Posting my progress here:
I’m able to connect via port-forwarding from my laptop and using localhost:8000 from the head pod, but I am seeing the connection error when using the service’s k8s DNS… I think we’re close.

This is surprising. I’ll call over some colleagues to look into it. The reproduction is to submit the following script to the cluster.

import requests
from starlette.requests import Request
from typing import Dict
import time

from ray import serve


# 1: Define a Ray Serve deployment.
@serve.deployment(route_prefix="/")
class MyModelDeployment:
    def __init__(self, msg: str):
        # Initialize model state: could be very large neural net weights.
        self._msg = msg

    def __call__(self, request: Request) -> Dict:
        return {"result": self._msg}


# 2: Deploy the model.
serve.run(MyModelDeployment.bind(msg="Hello world!"))

# 3: Query the deployment and print the result.
print(requests.get("http://localhost:8000/").json())

while True:
    print("Sleeping!")
    time.sleep(10)

If you run the following in the head pod, you get the expected output.

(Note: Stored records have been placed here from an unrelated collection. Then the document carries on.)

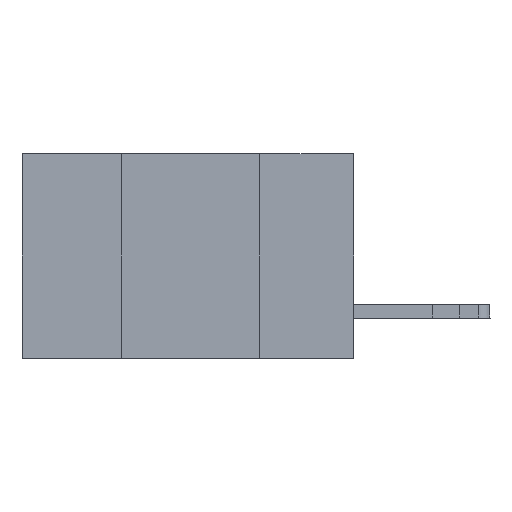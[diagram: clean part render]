
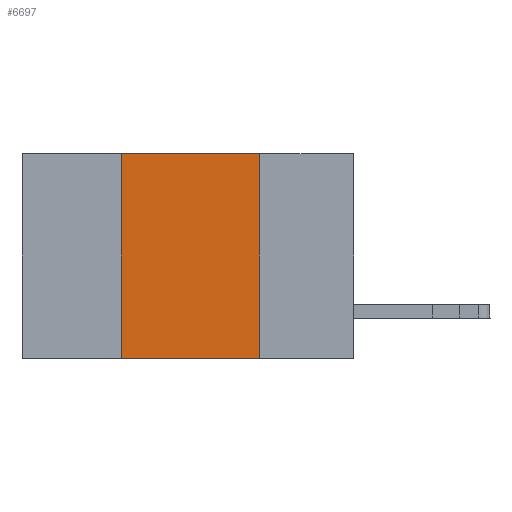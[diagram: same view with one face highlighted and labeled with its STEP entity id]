
A CAD part, left-side view. The second image highlights one B-rep face of the part: STEP entity #6697.
In plain terms, the highlighted planar face has unit normal (-1, 0, 0).
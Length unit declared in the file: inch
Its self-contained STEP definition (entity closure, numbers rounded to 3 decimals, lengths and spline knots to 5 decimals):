
#640 = PLANE ( 'NONE',  #17422 ) ;
#1142 = VERTEX_POINT ( 'NONE', #27740 ) ;
#1392 = LINE ( 'NONE', #13812, #27585 ) ;
#4769 = CARTESIAN_POINT ( 'NONE',  ( 0., 0.6, 0. ) ) ;
#6697 = ADVANCED_FACE ( 'NONE', ( #7841 ), #640, .F. ) ;
#7841 = FACE_OUTER_BOUND ( 'NONE', #24809, .T. ) ;
#8681 = EDGE_CURVE ( 'NONE', #14372, #1142, #14661, .T. ) ;
#9336 = CARTESIAN_POINT ( 'NONE',  ( 0., 0.17, 0. ) ) ;
#9477 = ORIENTED_EDGE ( 'NONE', *, *, #16613, .F. ) ;
#11644 = LINE ( 'NONE', #9336, #30288 ) ;
#12538 = EDGE_CURVE ( 'NONE', #13176, #19189, #24336, .T. ) ;
#13176 = VERTEX_POINT ( 'NONE', #31126 ) ;
#13812 = CARTESIAN_POINT ( 'NONE',  ( 0., 0.42, 0. ) ) ;
#14372 = VERTEX_POINT ( 'NONE', #31003 ) ;
#14661 = LINE ( 'NONE', #17255, #20536 ) ;
#16576 = DIRECTION ( 'NONE',  ( 0., 0., 1. ) ) ;
#16613 = EDGE_CURVE ( 'NONE', #14372, #13176, #1392, .T. ) ;
#16631 = CARTESIAN_POINT ( 'NONE',  ( 0., 0.17, 0. ) ) ;
#16641 = ORIENTED_EDGE ( 'NONE', *, *, #12538, .F. ) ;
#16780 = DIRECTION ( 'NONE',  ( 0., -1., 0. ) ) ;
#17255 = CARTESIAN_POINT ( 'NONE',  ( 0., 0.6, -0.37 ) ) ;
#17422 = AXIS2_PLACEMENT_3D ( 'NONE', #25146, #27576, #25773 ) ;
#17543 = ORIENTED_EDGE ( 'NONE', *, *, #18163, .F. ) ;
#17739 = ORIENTED_EDGE ( 'NONE', *, *, #8681, .T. ) ;
#18111 = VECTOR ( 'NONE', #22364, 39.37008 ) ;
#18163 = EDGE_CURVE ( 'NONE', #19189, #1142, #11644, .T. ) ;
#19189 = VERTEX_POINT ( 'NONE', #16631 ) ;
#20536 = VECTOR ( 'NONE', #16780, 39.37008 ) ;
#21564 = DIRECTION ( 'NONE',  ( 0., 0., -1. ) ) ;
#22364 = DIRECTION ( 'NONE',  ( 0., -1., 0. ) ) ;
#24336 = LINE ( 'NONE', #4769, #18111 ) ;
#24809 = EDGE_LOOP ( 'NONE', ( #17543, #16641, #9477, #17739 ) ) ;
#25146 = CARTESIAN_POINT ( 'NONE',  ( 0., 0.6, 0. ) ) ;
#25773 = DIRECTION ( 'NONE',  ( 0., 0., -1. ) ) ;
#27576 = DIRECTION ( 'NONE',  ( 1., 0., 0. ) ) ;
#27585 = VECTOR ( 'NONE', #16576, 39.37008 ) ;
#27740 = CARTESIAN_POINT ( 'NONE',  ( 0., 0.17, -0.37 ) ) ;
#30288 = VECTOR ( 'NONE', #21564, 39.37008 ) ;
#31003 = CARTESIAN_POINT ( 'NONE',  ( 0., 0.42, -0.37 ) ) ;
#31126 = CARTESIAN_POINT ( 'NONE',  ( 0., 0.42, 0. ) ) ;
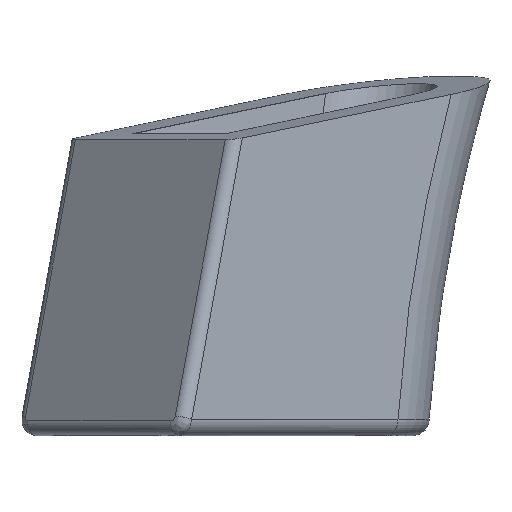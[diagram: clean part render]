
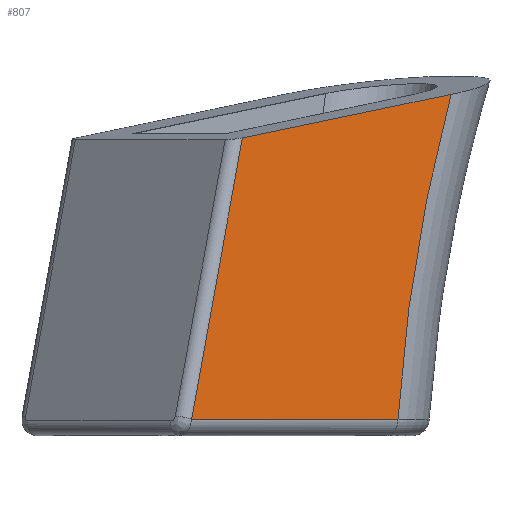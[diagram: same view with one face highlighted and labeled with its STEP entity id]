
A CAD part, front view. The second image highlights one B-rep face of the part: STEP entity #807.
In plain terms, the highlighted planar face has unit normal (0.707, -0.707, 0).
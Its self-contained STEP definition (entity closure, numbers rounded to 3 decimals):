
#40=B_SPLINE_CURVE_WITH_KNOTS('',3,(#1532,#1533,#1534,#1535,#1536,#1537,
#1538,#1539,#1540,#1541,#1542,#1543),.UNSPECIFIED.,.F.,.F.,(4,1,1,1,1,1,
1,1,1,4),(0.,7.693,11.539,15.386,
19.232,23.079,26.925,30.772,34.618,
36.09),.UNSPECIFIED.);
#123=FACE_OUTER_BOUND('',#170,.T.);
#170=EDGE_LOOP('',(#644,#645,#646,#647));
#233=LINE('',#1204,#296);
#241=LINE('',#1300,#304);
#248=LINE('',#1531,#311);
#296=VECTOR('',#994,10.);
#304=VECTOR('',#1016,1.);
#311=VECTOR('',#1033,1.);
#352=VERTEX_POINT('',#1201);
#353=VERTEX_POINT('',#1203);
#361=VERTEX_POINT('',#1298);
#371=VERTEX_POINT('',#1530);
#443=EDGE_CURVE('',#353,#352,#233,.T.);
#457=EDGE_CURVE('',#352,#361,#241,.T.);
#470=EDGE_CURVE('',#361,#371,#248,.T.);
#471=EDGE_CURVE('',#371,#353,#40,.T.);
#644=ORIENTED_EDGE('',*,*,#443,.T.);
#645=ORIENTED_EDGE('',*,*,#457,.T.);
#646=ORIENTED_EDGE('',*,*,#470,.T.);
#647=ORIENTED_EDGE('',*,*,#471,.T.);
#780=PLANE('',#876);
#807=ADVANCED_FACE('',(#123),#780,.F.);
#876=AXIS2_PLACEMENT_3D('',#1529,#1031,#1032);
#994=DIRECTION('',(-0.7,-0.7,-0.146));
#1016=DIRECTION('',(-0.175,-0.175,-0.969));
#1031=DIRECTION('center_axis',(-0.707,0.707,0.));
#1032=DIRECTION('ref_axis',(0.,0.,1.));
#1033=DIRECTION('',(0.707,0.707,0.));
#1201=CARTESIAN_POINT('',(2759.415,287.301,324.67));
#1203=CARTESIAN_POINT('',(2781.941,309.826,329.374));
#1204=CARTESIAN_POINT('',(2775.552,303.438,328.04));
#1298=CARTESIAN_POINT('',(2753.931,281.816,294.318));
#1300=CARTESIAN_POINT('',(2753.931,281.816,294.318));
#1529=CARTESIAN_POINT('Origin',(2773.741,301.626,379.541));
#1530=CARTESIAN_POINT('',(2776.206,304.091,294.318));
#1531=CARTESIAN_POINT('',(2776.206,304.091,294.318));
#1532=CARTESIAN_POINT('Ctrl Pts',(2776.206,304.091,294.318));
#1533=CARTESIAN_POINT('Ctrl Pts',(2776.374,304.259,296.871));
#1534=CARTESIAN_POINT('Ctrl Pts',(2776.703,304.588,300.691));
#1535=CARTESIAN_POINT('Ctrl Pts',(2777.296,305.182,305.751));
#1536=CARTESIAN_POINT('Ctrl Pts',(2777.818,305.704,309.527));
#1537=CARTESIAN_POINT('Ctrl Pts',(2778.417,306.303,313.28));
#1538=CARTESIAN_POINT('Ctrl Pts',(2779.092,306.977,317.007));
#1539=CARTESIAN_POINT('Ctrl Pts',(2779.842,307.727,320.705));
#1540=CARTESIAN_POINT('Ctrl Pts',(2780.666,308.552,324.371));
#1541=CARTESIAN_POINT('Ctrl Pts',(2781.38,309.266,327.254));
#1542=CARTESIAN_POINT('Ctrl Pts',(2781.818,309.703,328.915));
#1543=CARTESIAN_POINT('Ctrl Pts',(2781.941,309.826,329.374));

wget -O - "http://localhost:8000"

If you run the following in the head pod, you do get the expected output.

wget -O - "http://localhost:8000"

If your run the following in the head pod, you get a connection refused error.

wget -O - "http://raycluster-autoscaler-head-svc.default.svc.cluster.local:8000/"

If you port-forward the service’s port 8000 to your local machine, the following gives the correct ouptut.

wget -O - "http://localhost:8000"

We were able to fix Dmitri’s repro above by doing serve.run(MyModelDeployment.bind(msg="Hello world!"), host="0.0.0.0") (adding the host argument, see Serve docs for more detail). Can you check if this works for you?